Updated: January 30, 2021 10:53:54 am
India has extended the restrictions on flights to and from the United Kingdom till February 14, allowing airlines to operate only 30 weekly flights between the two countries. Earlier, the restrictions, which were imposed since January 8, were in place till January 23.
Why did the government impose restrictions on UK flights?
Last month, the Indian government decided to suspend all flights from the UK — and these were partially resumed January 8 onward. This was done in light of a mutated strain of the novel coronavirus, which originated in the UK and spread to over two dozen countries at the time, including in India. Now, after assessing the situation pertaining to this Covid-19 variant, the government has decided to further extend the restrictions on the number of flights from the UK till February 14.
Currently, Indian airlines Air India and Vistara, in addition to British Airways and Virgin Atlantic, are operating flights between the two countries. The two British carriers have been notified by the DGCA about the extension and have been asked to file their schedules under the existing India-UK air bubble with the regulator for approval.
What do passengers arriving from the UK need to do?
The travel guidelines for passengers remain the same. In line with the guidelines for other international arrivals, all inbound passengers from the UK will have to submit a self-declaration on the online portal (www.newdelhiairport.in) at least 72 hours before the scheduled travel. All passengers also need to carry a negative RT-PCR test report, for which the test should have been conducted within 72 hours prior to departure. Airlines have been asked to ensure every passenger is carrying the negative test report prior to allowing them to board the flight.
Upon arrival at Indian airports, all passengers coming in from the UK would be mandatorily subjected to self-paid RT-PCR tests. This means that any passenger taking a connecting flight via one of the international hubs, such as Dubai, Doha, etc, would also be subject to mandatory testing. For the passengers who await their test results at Indian airports, adequate arrangements for isolation have been made.
There are some state government guidelines that are applicable to passengers as well. For example, the Delhi government has said all passengers arriving from the UK must undergo mandatory institutional quarantine upon arrival, even if they are carrying negative certificates.
What happens if a passenger tests positive for Covid-19 upon arrival?
Passengers testing positive shall be moved in to an institutional facility in a separate (isolation) unit coordinated by the respective State Health Authorities. They would earmark specific facilities for such isolation and treatment, and take necessary action to send the positive samples to Indian SARS-CoV-2 Genomics Consortium (INSACOG) Labs. If the test report reveals that the Covid-19 variant is not the new one, then the ongoing treatment protocol, including home isolation or treatment at the facility as per case severity, will be followed. If the test report reveals that a passenger has tested positive for the new variant, then the patient will continue to remain in a separate isolation unit.
While necessary treatment as per the existing protocol will be given, the patient will be tested on the 14th day, after having tested positive in the initial test. The patient will be kept in the isolation facility till their sample is tested negative.

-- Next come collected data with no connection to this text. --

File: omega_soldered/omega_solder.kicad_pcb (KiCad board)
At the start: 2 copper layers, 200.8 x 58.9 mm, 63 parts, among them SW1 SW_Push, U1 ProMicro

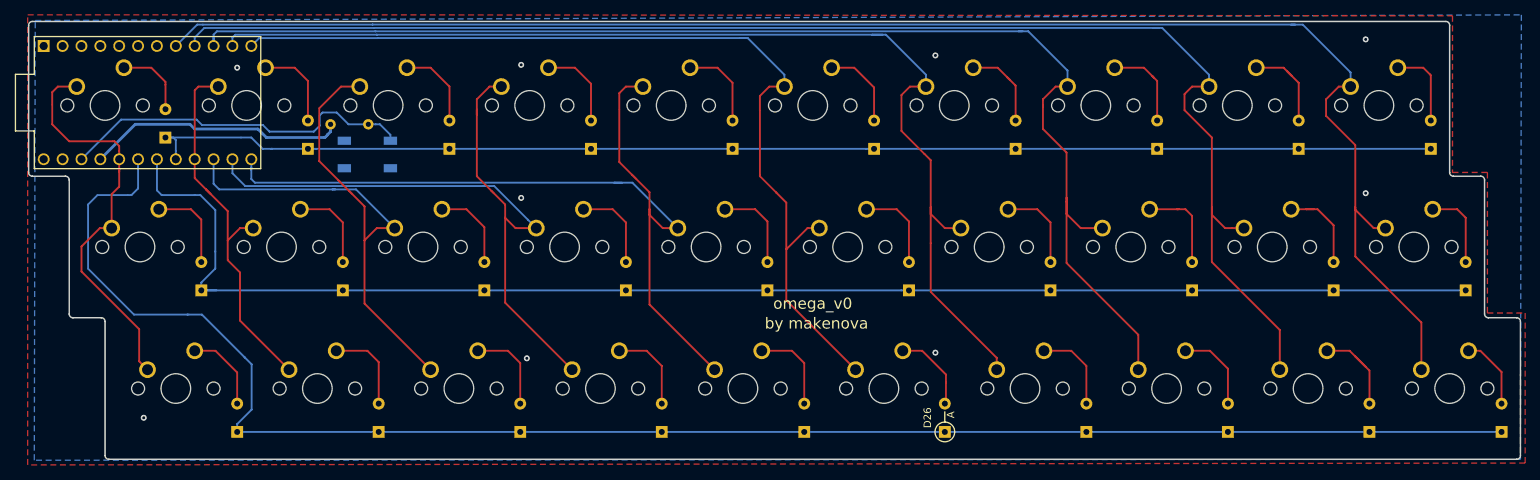
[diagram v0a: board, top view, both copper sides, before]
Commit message: add solder version
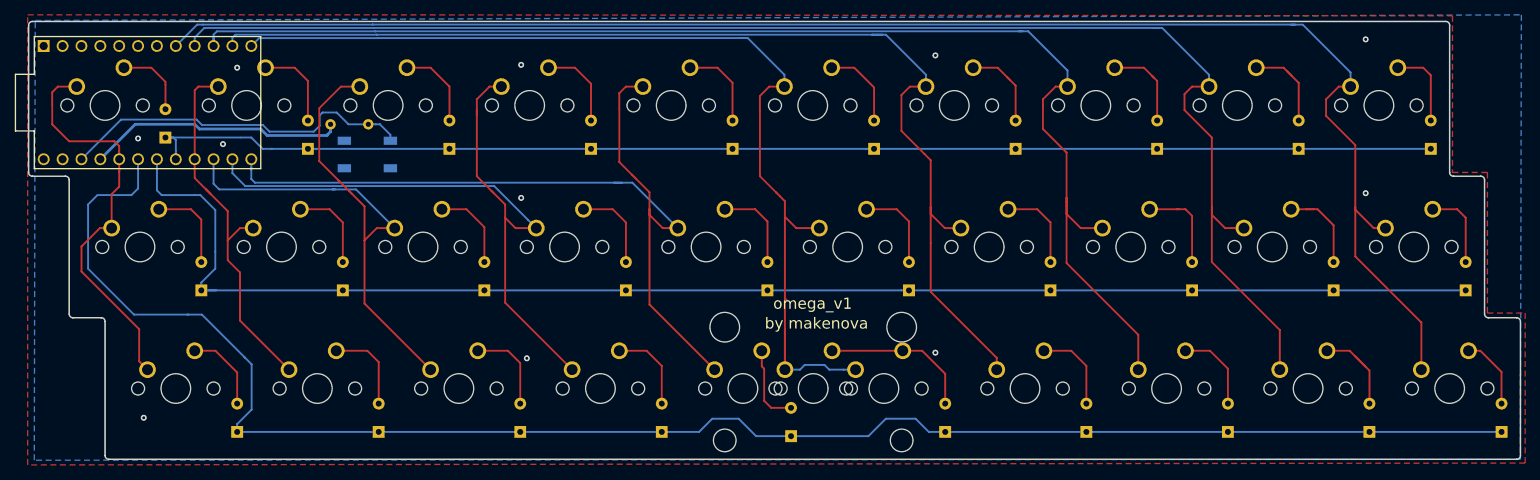
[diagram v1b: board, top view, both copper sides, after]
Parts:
- added MX31: MX-NoLED, MX_Only:MXOnly-2U-ReversedStabilizers-NoLED, F.Cu at (160.8, 89.0)
- D26: moved to B.Cu
- moved D25 1.87 mm to (157.9, 95.4)
- moved D26 0.05 mm to (178.6, 94.9)
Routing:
- net COL5: track 128.3 -> 139.6 mm
- net Net-(D26-Pad2): track 11.0 -> 20.5 mm
- net ROW2: track 228.1 -> 231.5 mm
- net Net-(D25-Pad2): track 11.9 -> 10.9 mm
- net GND: vias 9 -> 11
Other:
- board text added: "omega_v1"
- board text removed: "omega_v0"

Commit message: work
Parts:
- added H1: Hole, MountingHole:MountingHole_2.2mm_M2, F.Cu at (79.8, 60.7)
- added H2: Hole, MountingHole:MountingHole_2.2mm_M2, F.Cu at (232.2, 79.5)
- added H3: Hole, MountingHole:MountingHole_2.2mm_M2, F.Cu at (79.8, 79.5)
- added H4: Hole, MountingHole:MountingHole_2.2mm_M2, F.Cu at (232.2, 60.5)
- D1, D10, D11, D12, D13, D14, D15, D16, D17, D18, D19, D2, D20, D21, D22, D23, D24, D25, D26, D27, D28, D29, D3, D30, D4, D5, D6, D7, D8, D9: footprint Diode_THT:D_DO-35_SOD27_P3.81mm_Vertical_AnodeUp -> Keebio-Parts:Diode-Hybrid-Back; moved to F.Cu
- moved D30 4.01 mm to (254.3, 90.9), turned to 270 degrees
- moved D20 3.97 mm to (249.2, 71.9), turned to 270 degrees
- moved D17 3.94 mm to (192.7, 71.9), turned to 270 degrees
- moved D18 3.94 mm to (211.7, 71.9), turned to 270 degrees
- moved D19 3.94 mm to (230.8, 71.9), turned to 270 degrees
- moved D23 3.94 mm to (121.3, 90.9), turned to 270 degrees
- moved D21 3.94 mm to (83.2, 90.9), turned to 270 degrees
- moved D22 3.94 mm to (102.2, 90.9), turned to 270 degrees
- moved D24 3.94 mm to (140.3, 90.9), turned to 270 degrees
- moved D2 3.94 mm to (92.8, 52.8), turned to 270 degrees
- moved D10 3.89 mm to (244.6, 52.9), turned to 270 degrees
- moved D29 3.89 mm to (235.6, 91.0), turned to 270 degrees
- moved D11 3.88 mm to (78.4, 71.9), turned to 270 degrees
- moved D12 3.88 mm to (97.4, 71.9), turned to 270 degrees
- moved D13 3.88 mm to (116.5, 71.9), turned to 270 degrees
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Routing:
- net Net-(D25-Pad2): track 10.9 -> 19.1 mm
- net Net-(R1-Pad2): track 48.4 -> 54.3 mm, vias 0 -> 2
- net Net-(D29-Pad2): track 13.2 -> 8.02 mm
- net Net-(D19-Pad2): track 12.6 -> 7.53 mm
- net Net-(D18-Pad2): track 12.6 -> 7.53 mm
- net ROW2: track 231.5 -> 236.6 mm
- net Net-(D9-Pad2): track 12.5 -> 7.57 mm
- net Net-(D8-Pad2): track 12.1 -> 7.58 mm
- net Net-(D11-Pad2): track 12.0 -> 7.55 mm
- net Net-(D15-Pad2): track 11.9 -> 7.55 mm
- net Net-(D16-Pad2): track 11.9 -> 7.55 mm
- net Net-(D7-Pad2): track 11.9 -> 7.58 mm
- net Net-(D17-Pad2): track 11.8 -> 7.53 mm
- net Net-(D14-Pad2): track 11.8 -> 7.55 mm
- net Net-(D12-Pad2): track 11.8 -> 7.55 mm
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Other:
- board text added: "omega_v2"
- board text removed: "omega_v1"

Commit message: update soldered omega
flip pro micro footprint
shuffle mounting holes
make stl files to 3D print for testing
regenerate gerbers
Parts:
- removed R1: 10k, Resistor_THT:R_Axial_DIN0204_L3.6mm_D1.6mm_P5.08mm_Horizontal
- H1, H2, H3, H4: footprint MountingHole:MountingHole_2.2mm_M2 -> MountingHole:MountingHole_3.2mm_M3_ISO7380
- SW1: footprint random-keyboard-parts:SKQG-1155865 -> Button_Switch_SMD:SW_DIP_SPSTx01_Slide_Copal_CHS-01A_W5.08mm_P1.27mm_JPin
- U1: moved to F.Cu
- moved SW1 41.6 mm to (62.8, 40.6), turned to 180 degrees
- moved D1 2.10 mm to (75.8, 51.3)
- moved H1 1.40 mm to (79.8, 62.1)
- moved H2 0.26 mm to (232.1, 79.2)
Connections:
- U1 pad 10: COL7 -> COL2
- U1 pad 11: COL6 -> COL3
- U1 pad 12: COL5 -> COL4
- U1 pad 13: COL4 -> COL5
- U1 pad 14: COL3 -> COL6
- U1 pad 15: COL2 -> COL7
- U1 pad 16: COL1 -> COL8
- U1 pad 17: ROW0 -> COL9
- U1 pad 18: ROW1 -> Net-(U1-Pad18)
- U1 pad 19: ROW2 -> Net-(U1-Pad19)
- U1 pad 20: COL0 -> Net-(U1-Pad20)
- U1 pad 5: Net-(U1-Pad5) -> COL0
- U1 pad 6: Net-(U1-Pad6) -> ROW2
- U1 pad 7: Net-(U1-Pad7) -> ROW1
- U1 pad 8: COL9 -> ROW0
- U1 pad 9: COL8 -> COL1
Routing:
- net Net-(SW1-Pad1): track 54.3 -> 2.86 mm, vias 2 -> 0
- net +5V: track 35.1 -> 0.00 mm
- net ROW1: track 194.9 -> 212.4 mm
- net COL1: track 51.8 -> 65.9 mm
- net ROW0: track 176.1 -> 172.4 mm
- net GND: track 0.00 -> 2.89 mm, vias 11 -> 14
- net Net-(D1-Pad2): track 6.64 -> 8.99 mm
- net COL4: track 114.2 -> 112.4 mm
- net COL2: track 81.2 -> 79.5 mm
- net COL7: track 172.5 -> 171.1 mm
- net COL8: track 193.6 -> 192.6 mm
- net COL6: track 149.2 -> 148.7 mm
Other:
- board text added: "omega_v2.1 by makenova"
- board text removed: "by makenova"
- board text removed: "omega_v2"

What happens in case one has traveled next to a Covid-19 positive passenger?
For passengers who test positive upon arrival, all their contacts will be subject to institutional quarantine and will be tested as per ICMR guidelines. For this purpose, the contacts will include co-passengers seated in the same row, three rows in front and three rows behind along with identified cabin crew.
The state-wise passenger manifest of flights from the UK landing at Delhi, Mumbai, Bengaluru, Hyderabad and Chennai airports for the said period shall be conveyed by the Bureau of Immigration to state governments and/or the Integrated Disease Surveillance Programme (IDSP).